STS Program Committee
Academic Year 2025 - 2026
Joe Auner, Music
Joseph Auner has a background in analog synthesizers and recording. He has written about electronic music, technostalgia, and the idea of posthuman. Auner teaches courses like Music, Technology, and Digital Culture and The Sonic Imagination.
Tatiana Chudakova, Anthropology
Jamee Elder, Philosophy
Jamee Elder teaches a range of classes in the philosophy of science and philosophy of technology. Their research investigates how astronomers study black holes empirically, and grapples with questions about when we should trust scientific models, instruments, and experiments.
Michael Hughes, Computer Science
Fatima Hussain, Biology
Fatima Aysha Hussain researches the vaginal microbiome as a dynamic microbial ecosystem connected to sexual and reproductive health. She examines the design of microbial therapies alongside questions of gender, race, sexuality, and the social contexts that shape how microbiome science is translated into interventions.
Jess Keiser, English
Zarin Machanda, Anthropology
Zarin Machanda is in the department of Anthropology with a secondary appointment in Biology. She studies wild chimpanzees including chimpanzee cultures and their creation and use of tools. Understanding the social and ecological contexts of chimpanzee technology and culture helps provide a comparative framework for understanding the evolution of human culture.
Sarah Pinto, Anthropology
Sarah Pinto studies histories and cultures of biomedicine in India, with a focus on the ways science and medicine are practiced through kinship, gender, caste, and politics. She teaches courses on medicine, gender, religion, and South Asia, and is researching intersections of medicine and law in end of life care in West Bengal. She has also worked on psychiatry, pharmaceuticals, pregnancy and childbirth, and traditional practitioners in north India.
Mat Rappaport, Film & Media Studies
Mat Rappaport studies how architecture, cities, and media representation influence how people move through the world and how stories and ideologies take hold. His media studies teaching is collaborative and project-based, inviting students to experiment with contemporary tools in courses on Internet Culture, Online Video Platforms, and AI while staying grounded in careful, human-centered critique.
Caleb Scoville, Sociology
Caleb Scoville studies the politics of environmental knowledge and the dynamics of environmental controversies. Scoville’s research excavates the historical sources of contemporary environmental conflicts and explores the relationship between the natural environment and political senses of "us" and "them."
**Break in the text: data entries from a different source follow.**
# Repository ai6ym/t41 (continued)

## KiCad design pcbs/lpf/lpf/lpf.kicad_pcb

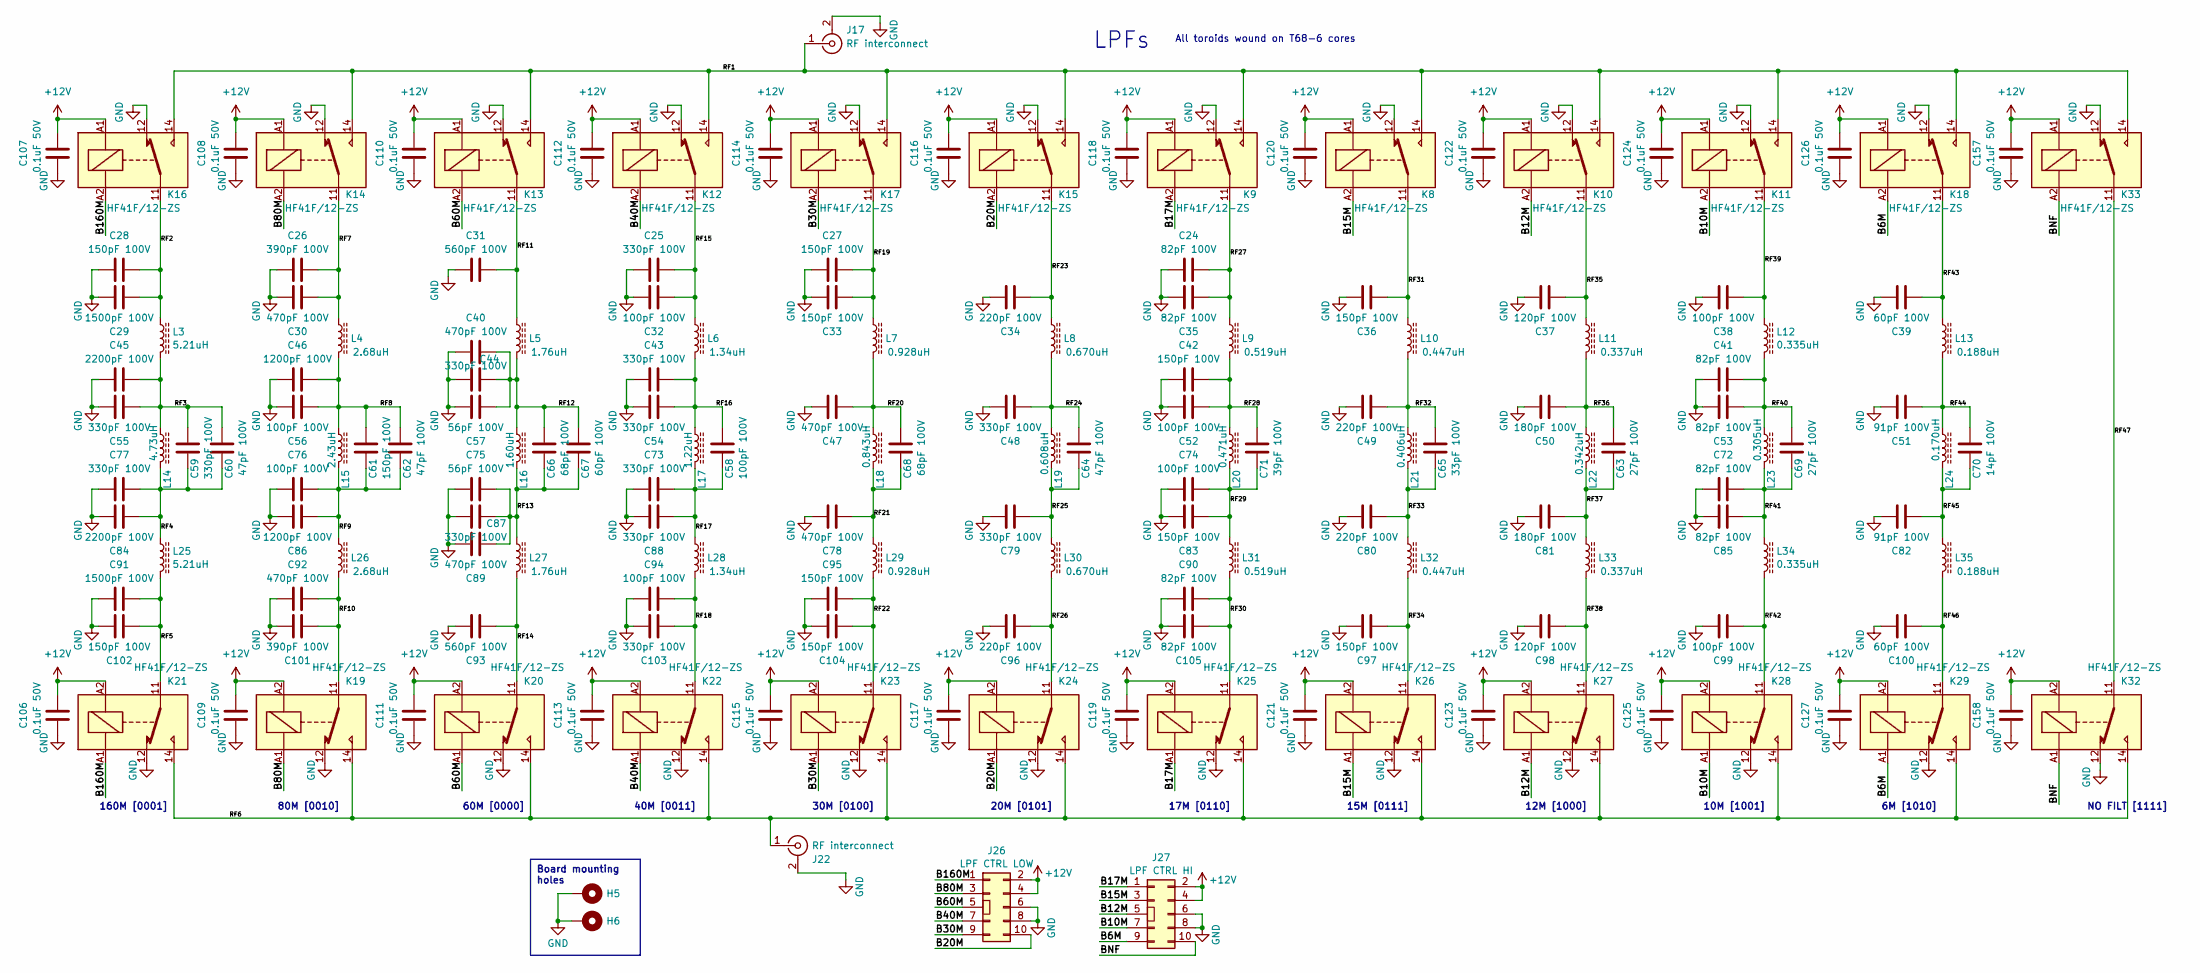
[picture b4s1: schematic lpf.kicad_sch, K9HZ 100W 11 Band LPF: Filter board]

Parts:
C24, C35, C41, C53, C72, C85, C90, C105: 82pF 100V; C_1206_3216Metric; Mouser Part Number 80-C1206C820J1G
C25, C43, C44, C48, C54, C55, C59, C73, C77, C79, C87, C88, C103: 330pF 100V; C_1206_3216Metric; Mouser Part Number 581-12061A331JAT4A
C26, C101: 390pF 100V; C_1206_3216Metric; Mouser Part Number 80-C1206C391J1G
C27, C28, C33, C36, C42, C61, C83, C95, C97, C102, C104: 150pF 100V; C_1206_3216Metric; Mouser Part Number 80-C1206C151J1G
C29, C91: 1500pF 100V; C_1206_3216Metric; Mouser Part Number 80-C1206C152J1GECAUT
C30, C40, C47, C78, C89, C92: 470pF 100V; C_1206_3216Metric; Mouser Part Number 80-C1206C471J1GAC
C31, C93: 560pF 100V; C_1206_3216Metric; Mouser Part Number 581-12061C561JAT2A
C32, C38, C52, C56, C58, C74, C76, C94, C99: 100pF 100V; C_1206_3216Metric; Mouser Part Number 80-C1206C101J1GAULR
C34, C49, C80, C96: 220pF 100V; C_1206_3216Metric; Mouser Part Number 80-C1206C221J1GAC
C37, C98: 120pF 100V; C_1206_3216Metric; Mouser Part Number 77-VJ1206A121JXBMT
C39, C67, C100: 60pF 100V; C_1206_3216Metric; Mouser Part Number 80-C1206C620J1G
C45, C84: 2200pF 100V; C_1206_3216Metric; Mouser Part Number 81-GRM319R72A222JA1D
C46, C86: 1200pF 100V; C_1206_3216Metric; Mouser Part Number 581-12061C122JAT2A
C50, C81: 180pF 100V; C_1206_3216Metric; Mouser Part Number 80-C1206C181J1G
C51, C82: 91pF 100V; C_1206_3216Metric; Mouser Part Number 80-C1206C910J1G
C57, C75: 56pF 100V; C_1206_3216Metric; Mouser Part Number 80-C1206C560J1G
C60, C62, C64: 47pF 100V; C_1206_3216Metric; Mouser Part Number 80-C1206C470J1GAC
C63, C69: 27pF 100V; C_1206_3216Metric; Mouser Part Number 80-C1206C270J1G
C65: 33pF 100V; C_1206_3216Metric; Mouser Part Number 80-C1206C330J1G
C66, C68: 68pF 100V; C_1206_3216Metric; Mouser Part Number 80-C1206C680J1G
C70: 14pF 100V; C_0805_2012Metric; Mouser Part Number 80-C1206C150J1G
C71: 39pF 100V; C_1206_3216Metric; Mouser Part Number 80-C1206C390J1G
C106, C107, C108, C109, C110, C111, C112, C113, C114, C115, C116, C117, C118, C119, C120, C121, C122, C123, C124, C125, C126, C127, C157, C158: 0.1uF 50V; C_1206_3216Metric; Mouser Part Number 581-12065F104K4
H5, H6: MountingHole_4.3mm_M4_DIN965_Pad
J17, J22: RF interconnect; SMA_Amphenol_901-144_Vertical; Mouser Part Number 712-CONSMA001-G
J26: LPF CTRL LOW; IDC-Header_2x05_P2.54mm_Vertical
J27: LPF CTRL HI; IDC-Header_2x05_P2.54mm_Vertical
K8, K9, K10, K11, K12, K13, K14, K15, K16, K17, K18, K19, K20, K21, K22, K23, K24, K25, K26, K27, K28, K29, K32, K33: HF41F/12-ZS; Relay_SPDT_HF41F12-ZS
L3, L25: 5.21uH; T68-6-toroid-vertical
L4, L26: 2.68uH; T68-6-toroid-vertical
L5, L27: 1.76uH; T68-6-toroid-vertical
L6, L28: 1.34uH; T68-6-toroid-vertical
L7, L29: 0.928uH; T68-6-toroid-vertical
L8, L30: 0.670uH; T68-6-toroid-vertical
L9, L31: 0.519uH; T68-6-toroid-vertical
L10, L32: 0.447uH; T68-6-toroid-vertical
L11, L33: 0.337uH; T68-6-toroid-vertical
L12, L34: 0.335uH; T68-6-toroid-vertical
L13, L35: 0.188uH; T68-6-toroid-vertical
L14: 4.73uH; T68-6-toroid-vertical
L15: 2.43uH; T68-6-toroid-vertical
L16: 1.60uH; T68-6-toroid-vertical
L17: 1.22uH; T68-6-toroid-vertical
L18: 0.843uH; T68-6-toroid-vertical
L19: 0.608uH; T68-6-toroid-vertical
L20: 0.471uH; T68-6-toroid-vertical
L21: 0.406uH; T68-6-toroid-vertical
L22: 0.342uH; T68-6-toroid-vertical
L23: 0.305uH; T68-6-toroid-vertical
L24: 0.170uH; T68-6-toroid-vertical

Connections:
+12V: C106.1, C107.1, C108.1, C109.1, C110.1, C111.1, C112.1, C113.1, C114.1, C115.1, C116.1, C117.1, C118.1, C119.1, C120.1, C121.1, C122.1, C123.1, C124.1, C125.1, C126.1, C127.1, C157.1, C158.1, J26.2, J26.4, J27.2, J27.4, K8.A1, K9.A1, K10.A1, K11.A1, K12.A1, K13.A1, K14.A1, K15.A1, K16.A1, K17.A1, K18.A1, K19.A2, K20.A2, K21.A2, K22.A2, K23.A2, K24.A2, K25.A2, K26.A2, K27.A2, K28.A2, K29.A2, K32.A2, K33.A1
/B6M: J27.9, K18.A2, K29.A1
/B10M: J27.7, K11.A2, K28.A1
/B12M: J27.5, K10.A2, K27.A1
/B15M: J27.3, K8.A2, K26.A1
/B17M: J27.1, K9.A2, K25.A1
/B20M: J26.10, K15.A2, K24.A1
/B30M: J26.9, K17.A2, K23.A1
/B40M: J26.7, K12.A2, K22.A1
/B60M: J26.5, K13.A2, K20.A1
/B80M: J26.3, K14.A2, K19.A1
/B160M: J26.1, K16.A2, K21.A1
/BNF: J27.10, K32.A1, K33.A2
/RF1: J17.1 (In), K8.14, K9.14, K10.14, K11.14, K12.14, K13.14, K14.14, K15.14, K16.14, K17.14, K18.14, K33.14
/RF2: C28.2, C29.2, K16.11, L3.1
/RF3: C45.2, C55.2, C59.2, C60.2, L3.2, L14.1
/RF4: C59.1, C60.1, C77.2, C84.2, L14.2, L25.1
/RF5: C91.2, C102.2, K21.11, L25.2
/RF6: J22.1 (In), K19.14, K20.14, K21.14, K22.14, K23.14, K24.14, K25.14, K26.14, K27.14, K28.14, K29.14, K32.14
/RF7: C26.2, C30.2, K14.11, L4.1
/RF8: C46.2, C56.2, C61.2, C62.2, L4.2, L15.1
/RF9: C61.1, C62.1, C76.2, C86.2, L15.2, L26.1
/RF10: C92.2, C101.2, K19.11, L26.2
/RF11: C31.2, K13.11, L5.1
/RF12: C40.2, C44.2, C57.2, C66.2, C67.2, L5.2, L16.1
/RF13: C66.1, C67.1, C75.2, C87.2, C89.2, L16.2, L27.1
/RF14: C93.2, K20.11, L27.2
/RF15: C25.2, C32.2, K12.11, L6.1
/RF16: C43.2, C54.2, C58.2, L6.2, L17.1
/RF17: C58.1, C73.2, C88.2, L17.2, L28.1
/RF18: C94.2, C103.2, K22.11, L28.2
/RF19: C27.2, C33.2, K17.11, L7.1
/RF20: C47.2, C68.2, L7.2, L18.1
/RF21: C68.1, C78.2, L18.2, L29.1
/RF22: C95.2, C104.2, K23.11, L29.2
/RF23: C34.2, K15.11, L8.1
/RF24: C48.2, C64.2, L8.2, L19.1
/RF25: C64.1, C79.2, L19.2, L30.1
/RF26: C96.2, K24.11, L30.2
/RF27: C24.2, C35.2, K9.11, L9.1
/RF28: C42.2, C52.2, C71.2, L9.2, L20.1
/RF29: C71.1, C74.2, C83.2, L20.2, L31.1
/RF30: C90.2, C105.2, K25.11, L31.2
/RF31: C36.2, K8.11, L10.1
/RF32: C49.2, C65.2, L10.2, L21.1
/RF33: C65.1, C80.2, L21.2, L32.1
/RF34: C97.2, K26.11, L32.2
/RF35: C37.2, K10.11, L11.1
/RF36: C50.2, C63.2, L11.2, L22.1
/RF37: C63.1, C81.2, L22.2, L33.1
/RF38: C98.2, K27.11, L33.2
/RF39: C38.2, K11.11, L12.1
/RF40: C41.2, C53.2, C69.2, L12.2, L23.1
/RF41: C69.1, C72.2, C85.2, L23.2, L34.1
/RF42: C99.2, K28.11, L34.2
/RF43: C39.2, K18.11, L13.1
/RF44: C51.2, C70.2, L13.2, L24.1
/RF45: C70.1, C82.2, L24.2, L35.1
/RF46: C100.2, K29.11, L35.2
/RF47: K32.11, K33.11
GND: C24.1, C25.1, C26.1, C27.1, C28.1, C29.1, C30.1, C31.1, C32.1, C33.1, C34.1, C35.1, C36.1, C37.1, C38.1, C39.1, C40.1, C41.1, C42.1, C43.1, C44.1, C45.1, C46.1, C47.1, C48.1, C49.1, C50.1, C51.1, C52.1, C53.1, C54.1, C55.1, C56.1, C57.1, C72.1, C73.1, C74.1, C75.1, C76.1, C77.1, C78.1, C79.1, C80.1, C81.1, C82.1, C83.1, C84.1, C85.1, C86.1, C87.1, C88.1, C89.1, C90.1, C91.1, C92.1, C93.1, C94.1, C95.1, C96.1, C97.1, C98.1, C99.1, C100.1, C101.1, C102.1, C103.1, C104.1, C105.1, C106.2, C107.2, C108.2, C109.2, C110.2, C111.2, C112.2, C113.2, C114.2, C115.2, C116.2, C117.2, C118.2, C119.2, C120.2, C121.2, C122.2, C123.2, C124.2, C125.2, C126.2, C127.2, C157.2, C158.2, H5.1, H6.1, J17.2 (Ext), J22.2 (Ext), J26.6, J26.8, J27.6, J27.8, K8.12, K9.12, K10.12, K11.12, K12.12, K13.12, K14.12, K15.12, K16.12, K17.12, K18.12, K19.12, K20.12, K21.12, K22.12, K23.12, K24.12, K25.12, K26.12, K27.12, K28.12, K29.12, K32.12, K33.12

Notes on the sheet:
Board mounting holes
6M [1010]
160M [0001]
15M [0111]
All toroids wound on T68-6 cores
10M [1001]
30M [0100]
20M [0101]
40M [0011]
60M [0000]
LPFs
17M [0110]
12M [1000]
80M [0010]
NO FILT [1111]

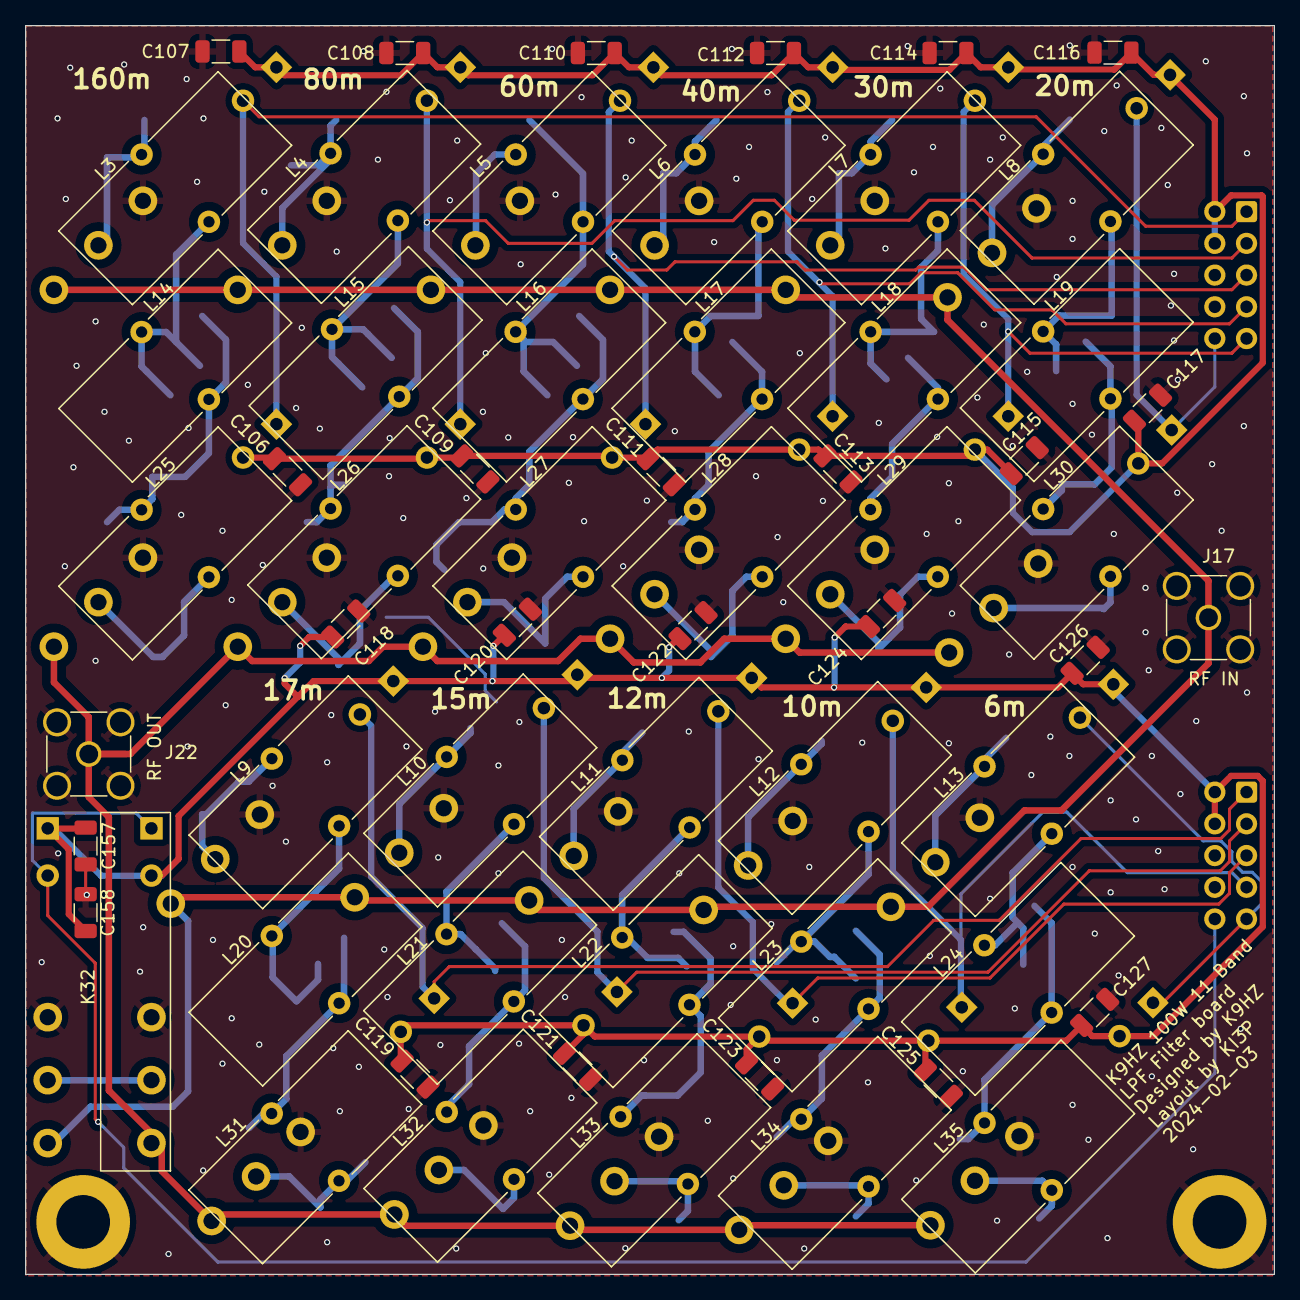
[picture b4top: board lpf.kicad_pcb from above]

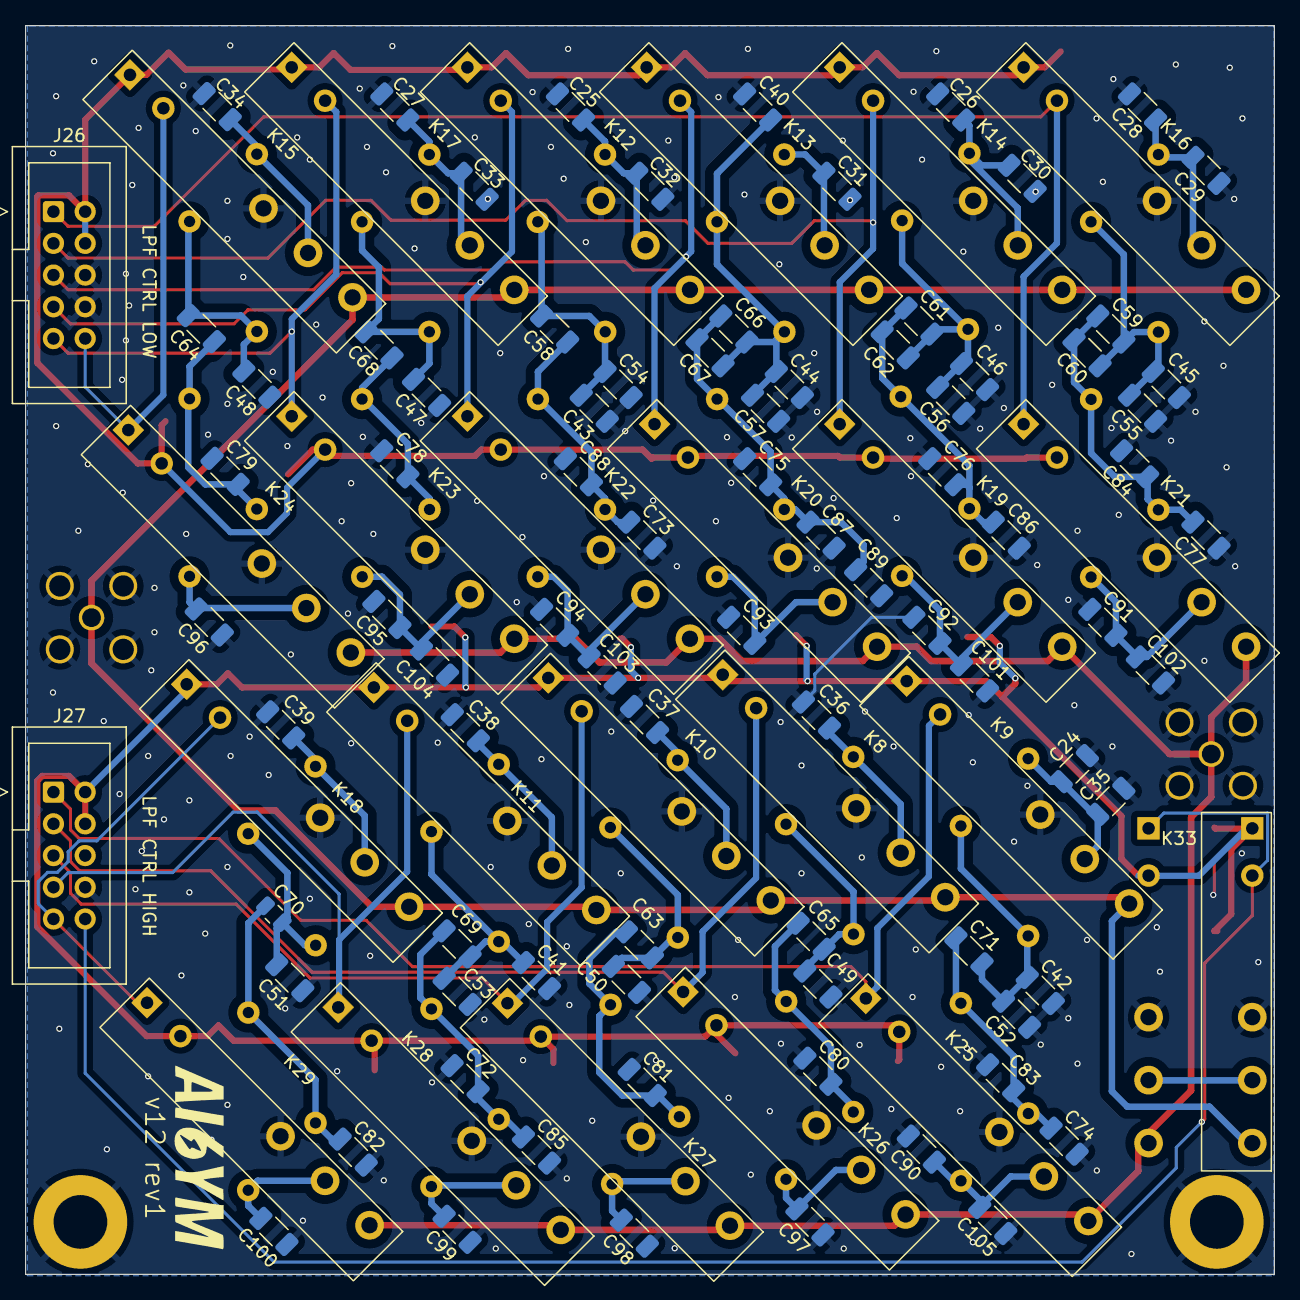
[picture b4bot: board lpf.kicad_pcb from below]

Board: 4 copper layers, 100.0 x 100.0 mm, 169 parts (107 on the bottom side), 61 nets.

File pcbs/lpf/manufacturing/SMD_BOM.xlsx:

|  |  | xxxx xxxx xxxxx xxPCS BOM (Sample Bill of Materials)
Item # | *Designator | *Qty | Manufacturer | *Mfg Part # | Description / Value | *Package/Footprint | Type | Your Instructions / Notes
1 | C70 | 1 | Murata Electronics | GQM2195C2E140JB12D | 14pF 200V | 0805 | SMD
2 | C63, C69 | 2 | YAGEO | CC1206JKNPOCBN270 | 27pF 200V | 1206 | SMD
3 | C65 | 1 | YAGEO | CC1206JKNPOCBN330 | 33pF 200V | 1206 | SMD
4 | C71 | 1 | KEMET | C1206C390J2GACTU | 39 pF 200V | 1206 | SMD
5 | C60, C62, C64 | 3 | YAGEO | CC1206JRNPOABN470 | 47pF 200V | 1206 | SMD
6 | C57, C75 | 2 | KEMET | C1206C560J2GACTU | 56pF 200V | 1206 | SMD
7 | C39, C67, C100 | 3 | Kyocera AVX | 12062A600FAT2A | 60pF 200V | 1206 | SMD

Elaine Short, Computer Science
Elaine Short's research focus is in human-robot interaction and assistive technology. Her STS connection is that her lab's work is informed by social science at the intersection of disability and technology, with an emphasis on operationalizing disabled-community-centric perspectives into the behavior of AI systems for robotics and human-robot interaction.
James Skripchuk, Computer Science
James teaches multiple classes in Computer Science, ranging from introductory computing to Artificial Intelligence. His teaching is informed by his research in self-regulated learning and how novice programmers seek help using a wide variety of resources outside the classroom, such as forums and generative AI tools.